§ What you need to do: Pictures do not belong in your copy. Repeat all the other data exactly.

(Data Opens)

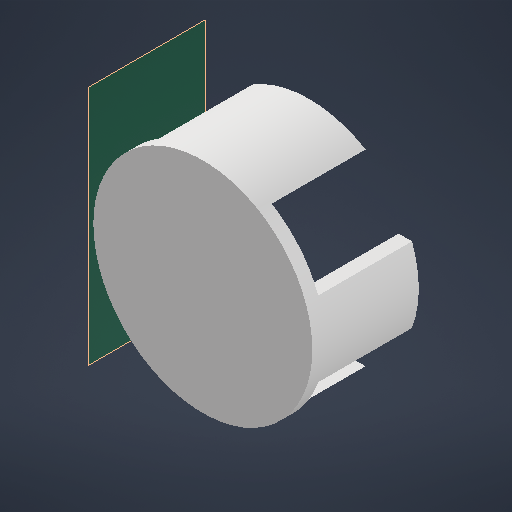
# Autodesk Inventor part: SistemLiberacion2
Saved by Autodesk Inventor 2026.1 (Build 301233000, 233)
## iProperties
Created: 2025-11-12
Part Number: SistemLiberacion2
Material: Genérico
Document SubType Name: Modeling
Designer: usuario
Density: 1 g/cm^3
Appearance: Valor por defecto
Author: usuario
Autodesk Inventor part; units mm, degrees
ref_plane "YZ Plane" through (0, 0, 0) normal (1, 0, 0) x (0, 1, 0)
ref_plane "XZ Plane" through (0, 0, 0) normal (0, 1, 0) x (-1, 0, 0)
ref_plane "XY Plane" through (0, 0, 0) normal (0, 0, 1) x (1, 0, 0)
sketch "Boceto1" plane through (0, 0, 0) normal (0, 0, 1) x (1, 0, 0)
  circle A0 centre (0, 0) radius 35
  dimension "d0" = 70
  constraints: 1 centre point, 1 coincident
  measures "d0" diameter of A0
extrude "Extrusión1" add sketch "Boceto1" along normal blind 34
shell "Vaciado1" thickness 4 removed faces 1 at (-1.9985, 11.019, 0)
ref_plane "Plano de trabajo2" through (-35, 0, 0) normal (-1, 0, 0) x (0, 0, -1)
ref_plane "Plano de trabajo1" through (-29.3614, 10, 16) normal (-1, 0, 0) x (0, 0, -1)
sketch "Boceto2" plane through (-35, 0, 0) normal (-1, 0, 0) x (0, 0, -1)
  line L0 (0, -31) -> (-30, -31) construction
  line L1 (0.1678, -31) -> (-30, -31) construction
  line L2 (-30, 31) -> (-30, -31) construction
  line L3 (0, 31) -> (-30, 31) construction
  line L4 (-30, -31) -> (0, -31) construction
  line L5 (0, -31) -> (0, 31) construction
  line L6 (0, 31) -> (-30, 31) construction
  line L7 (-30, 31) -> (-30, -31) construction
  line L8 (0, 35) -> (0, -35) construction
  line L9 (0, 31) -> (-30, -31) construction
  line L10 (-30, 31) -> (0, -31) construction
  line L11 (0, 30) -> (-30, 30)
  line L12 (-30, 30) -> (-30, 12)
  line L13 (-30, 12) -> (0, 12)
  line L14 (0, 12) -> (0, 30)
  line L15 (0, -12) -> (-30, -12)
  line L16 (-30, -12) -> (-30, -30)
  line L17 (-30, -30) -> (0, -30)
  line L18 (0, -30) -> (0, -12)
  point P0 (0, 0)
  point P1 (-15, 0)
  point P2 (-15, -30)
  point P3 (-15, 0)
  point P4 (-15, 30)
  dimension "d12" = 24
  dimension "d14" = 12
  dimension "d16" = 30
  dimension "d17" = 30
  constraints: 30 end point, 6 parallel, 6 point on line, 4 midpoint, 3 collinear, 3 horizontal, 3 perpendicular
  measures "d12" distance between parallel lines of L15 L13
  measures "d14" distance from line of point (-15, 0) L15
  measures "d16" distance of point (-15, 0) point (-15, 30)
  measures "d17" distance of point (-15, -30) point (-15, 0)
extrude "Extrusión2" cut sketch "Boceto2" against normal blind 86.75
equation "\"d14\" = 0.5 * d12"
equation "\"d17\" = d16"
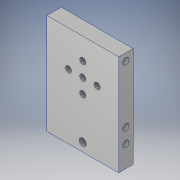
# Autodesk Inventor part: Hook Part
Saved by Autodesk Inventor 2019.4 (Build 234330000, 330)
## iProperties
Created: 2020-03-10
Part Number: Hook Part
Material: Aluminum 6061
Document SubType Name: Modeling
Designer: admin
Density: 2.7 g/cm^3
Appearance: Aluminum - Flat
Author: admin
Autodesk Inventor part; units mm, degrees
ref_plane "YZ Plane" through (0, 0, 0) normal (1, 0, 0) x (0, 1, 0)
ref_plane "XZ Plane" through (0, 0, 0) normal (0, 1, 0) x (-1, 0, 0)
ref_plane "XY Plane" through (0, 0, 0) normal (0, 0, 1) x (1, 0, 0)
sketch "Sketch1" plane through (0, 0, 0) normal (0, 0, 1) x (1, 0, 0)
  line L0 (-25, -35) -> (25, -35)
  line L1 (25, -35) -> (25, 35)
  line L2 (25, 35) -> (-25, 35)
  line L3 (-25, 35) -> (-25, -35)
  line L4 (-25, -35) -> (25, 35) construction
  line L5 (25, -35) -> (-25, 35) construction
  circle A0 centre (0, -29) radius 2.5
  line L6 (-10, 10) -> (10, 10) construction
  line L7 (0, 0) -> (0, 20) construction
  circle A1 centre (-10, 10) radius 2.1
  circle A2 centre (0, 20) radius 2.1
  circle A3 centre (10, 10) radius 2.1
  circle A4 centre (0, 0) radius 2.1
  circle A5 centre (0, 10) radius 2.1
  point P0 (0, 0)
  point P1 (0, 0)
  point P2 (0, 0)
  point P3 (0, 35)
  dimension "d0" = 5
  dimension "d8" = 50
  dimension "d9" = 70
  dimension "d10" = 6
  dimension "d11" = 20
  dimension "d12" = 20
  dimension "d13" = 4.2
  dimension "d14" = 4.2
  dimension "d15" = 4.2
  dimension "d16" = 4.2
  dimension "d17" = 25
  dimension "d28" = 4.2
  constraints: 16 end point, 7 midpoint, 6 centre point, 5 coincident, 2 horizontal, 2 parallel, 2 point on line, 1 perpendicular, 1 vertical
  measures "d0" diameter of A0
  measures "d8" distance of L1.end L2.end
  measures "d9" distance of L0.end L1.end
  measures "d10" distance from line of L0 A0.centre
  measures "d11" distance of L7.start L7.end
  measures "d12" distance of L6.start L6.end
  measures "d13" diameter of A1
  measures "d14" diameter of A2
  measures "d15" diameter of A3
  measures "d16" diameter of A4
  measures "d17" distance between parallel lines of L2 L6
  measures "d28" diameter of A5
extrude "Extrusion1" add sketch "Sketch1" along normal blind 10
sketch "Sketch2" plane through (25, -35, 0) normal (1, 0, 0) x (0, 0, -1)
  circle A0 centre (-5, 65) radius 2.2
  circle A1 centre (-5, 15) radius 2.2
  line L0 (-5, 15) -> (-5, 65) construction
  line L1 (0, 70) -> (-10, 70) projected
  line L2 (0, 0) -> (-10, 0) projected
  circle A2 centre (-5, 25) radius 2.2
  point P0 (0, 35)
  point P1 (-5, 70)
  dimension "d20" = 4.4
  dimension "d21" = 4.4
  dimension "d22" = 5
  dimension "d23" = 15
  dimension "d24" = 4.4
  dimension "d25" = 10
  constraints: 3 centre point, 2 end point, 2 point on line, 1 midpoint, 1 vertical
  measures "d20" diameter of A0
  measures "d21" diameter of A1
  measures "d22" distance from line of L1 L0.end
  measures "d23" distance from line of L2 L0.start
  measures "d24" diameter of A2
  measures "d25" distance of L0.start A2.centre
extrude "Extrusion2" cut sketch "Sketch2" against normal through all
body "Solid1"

(Data Closes)

§ Problem solution:
# Autodesk Inventor part: SistemLiberacion2
Saved by Autodesk Inventor 2026.1 (Build 301233000, 233)
## iProperties
Created: 2025-11-12
Part Number: SistemLiberacion2
Material: Genérico
Document SubType Name: Modeling
Designer: usuario
Density: 1 g/cm^3
Appearance: Valor por defecto
Author: usuario
Autodesk Inventor part; units mm, degrees
ref_plane "YZ Plane" through (0, 0, 0) normal (1, 0, 0) x (0, 1, 0)
ref_plane "XZ Plane" through (0, 0, 0) normal (0, 1, 0) x (-1, 0, 0)
ref_plane "XY Plane" through (0, 0, 0) normal (0, 0, 1) x (1, 0, 0)
sketch "Boceto1" plane through (0, 0, 0) normal (0, 0, 1) x (1, 0, 0)
  circle A0 centre (0, 0) radius 35
  dimension "d0" = 70
  constraints: 1 centre point, 1 coincident
  measures "d0" diameter of A0
extrude "Extrusión1" add sketch "Boceto1" along normal blind 34
shell "Vaciado1" thickness 4 removed faces 1 at (-1.9985, 11.019, 0)
ref_plane "Plano de trabajo2" through (-35, 0, 0) normal (-1, 0, 0) x (0, 0, -1)
ref_plane "Plano de trabajo1" through (-29.3614, 10, 16) normal (-1, 0, 0) x (0, 0, -1)
sketch "Boceto2" plane through (-35, 0, 0) normal (-1, 0, 0) x (0, 0, -1)
  line L0 (0, -31) -> (-30, -31) construction
  line L1 (0.1678, -31) -> (-30, -31) construction
  line L2 (-30, 31) -> (-30, -31) construction
  line L3 (0, 31) -> (-30, 31) construction
  line L4 (-30, -31) -> (0, -31) construction
  line L5 (0, -31) -> (0, 31) construction
  line L6 (0, 31) -> (-30, 31) construction
  line L7 (-30, 31) -> (-30, -31) construction
  line L8 (0, 35) -> (0, -35) construction
  line L9 (0, 31) -> (-30, -31) construction
  line L10 (-30, 31) -> (0, -31) construction
  line L11 (0, 30) -> (-30, 30)
  line L12 (-30, 30) -> (-30, 12)
  line L13 (-30, 12) -> (0, 12)
  line L14 (0, 12) -> (0, 30)
  line L15 (0, -12) -> (-30, -12)
  line L16 (-30, -12) -> (-30, -30)
  line L17 (-30, -30) -> (0, -30)
  line L18 (0, -30) -> (0, -12)
  point P0 (0, 0)
  point P1 (-15, 0)
  point P2 (-15, -30)
  point P3 (-15, 0)
  point P4 (-15, 30)
  dimension "d12" = 24
  dimension "d14" = 12
  dimension "d16" = 30
  dimension "d17" = 30
  constraints: 30 end point, 6 parallel, 6 point on line, 4 midpoint, 3 collinear, 3 horizontal, 3 perpendicular
  measures "d12" distance between parallel lines of L15 L13
  measures "d14" distance from line of point (-15, 0) L15
  measures "d16" distance of point (-15, 0) point (-15, 30)
  measures "d17" distance of point (-15, -30) point (-15, 0)
extrude "Extrusión2" cut sketch "Boceto2" against normal blind 86.75
equation "\"d14\" = 0.5 * d12"
equation "\"d17\" = d16"
# Autodesk Inventor part: Hook Part
Saved by Autodesk Inventor 2019.4 (Build 234330000, 330)
## iProperties
Created: 2020-03-10
Part Number: Hook Part
Material: Aluminum 6061
Document SubType Name: Modeling
Designer: admin
Density: 2.7 g/cm^3
Appearance: Aluminum - Flat
Author: admin
Autodesk Inventor part; units mm, degrees
ref_plane "YZ Plane" through (0, 0, 0) normal (1, 0, 0) x (0, 1, 0)
ref_plane "XZ Plane" through (0, 0, 0) normal (0, 1, 0) x (-1, 0, 0)
ref_plane "XY Plane" through (0, 0, 0) normal (0, 0, 1) x (1, 0, 0)
sketch "Sketch1" plane through (0, 0, 0) normal (0, 0, 1) x (1, 0, 0)
  line L0 (-25, -35) -> (25, -35)
  line L1 (25, -35) -> (25, 35)
  line L2 (25, 35) -> (-25, 35)
  line L3 (-25, 35) -> (-25, -35)
  line L4 (-25, -35) -> (25, 35) construction
  line L5 (25, -35) -> (-25, 35) construction
  circle A0 centre (0, -29) radius 2.5
  line L6 (-10, 10) -> (10, 10) construction
  line L7 (0, 0) -> (0, 20) construction
  circle A1 centre (-10, 10) radius 2.1
  circle A2 centre (0, 20) radius 2.1
  circle A3 centre (10, 10) radius 2.1
  circle A4 centre (0, 0) radius 2.1
  circle A5 centre (0, 10) radius 2.1
  point P0 (0, 0)
  point P1 (0, 0)
  point P2 (0, 0)
  point P3 (0, 35)
  dimension "d0" = 5
  dimension "d8" = 50
  dimension "d9" = 70
  dimension "d10" = 6
  dimension "d11" = 20
  dimension "d12" = 20
  dimension "d13" = 4.2
  dimension "d14" = 4.2
  dimension "d15" = 4.2
  dimension "d16" = 4.2
  dimension "d17" = 25
  dimension "d28" = 4.2
  constraints: 16 end point, 7 midpoint, 6 centre point, 5 coincident, 2 horizontal, 2 parallel, 2 point on line, 1 perpendicular, 1 vertical
  measures "d0" diameter of A0
  measures "d8" distance of L1.end L2.end
  measures "d9" distance of L0.end L1.end
  measures "d10" distance from line of L0 A0.centre
  measures "d11" distance of L7.start L7.end
  measures "d12" distance of L6.start L6.end
  measures "d13" diameter of A1
  measures "d14" diameter of A2
  measures "d15" diameter of A3
  measures "d16" diameter of A4
  measures "d17" distance between parallel lines of L2 L6
  measures "d28" diameter of A5
extrude "Extrusion1" add sketch "Sketch1" along normal blind 10
sketch "Sketch2" plane through (25, -35, 0) normal (1, 0, 0) x (0, 0, -1)
  circle A0 centre (-5, 65) radius 2.2
  circle A1 centre (-5, 15) radius 2.2
  line L0 (-5, 15) -> (-5, 65) construction
  line L1 (0, 70) -> (-10, 70) projected
  line L2 (0, 0) -> (-10, 0) projected
  circle A2 centre (-5, 25) radius 2.2
  point P0 (0, 35)
  point P1 (-5, 70)
  dimension "d20" = 4.4
  dimension "d21" = 4.4
  dimension "d22" = 5
  dimension "d23" = 15
  dimension "d24" = 4.4
  dimension "d25" = 10
  constraints: 3 centre point, 2 end point, 2 point on line, 1 midpoint, 1 vertical
  measures "d20" diameter of A0
  measures "d21" diameter of A1
  measures "d22" distance from line of L1 L0.end
  measures "d23" distance from line of L2 L0.start
  measures "d24" diameter of A2
  measures "d25" distance of L0.start A2.centre
extrude "Extrusion2" cut sketch "Sketch2" against normal through all
body "Solid1"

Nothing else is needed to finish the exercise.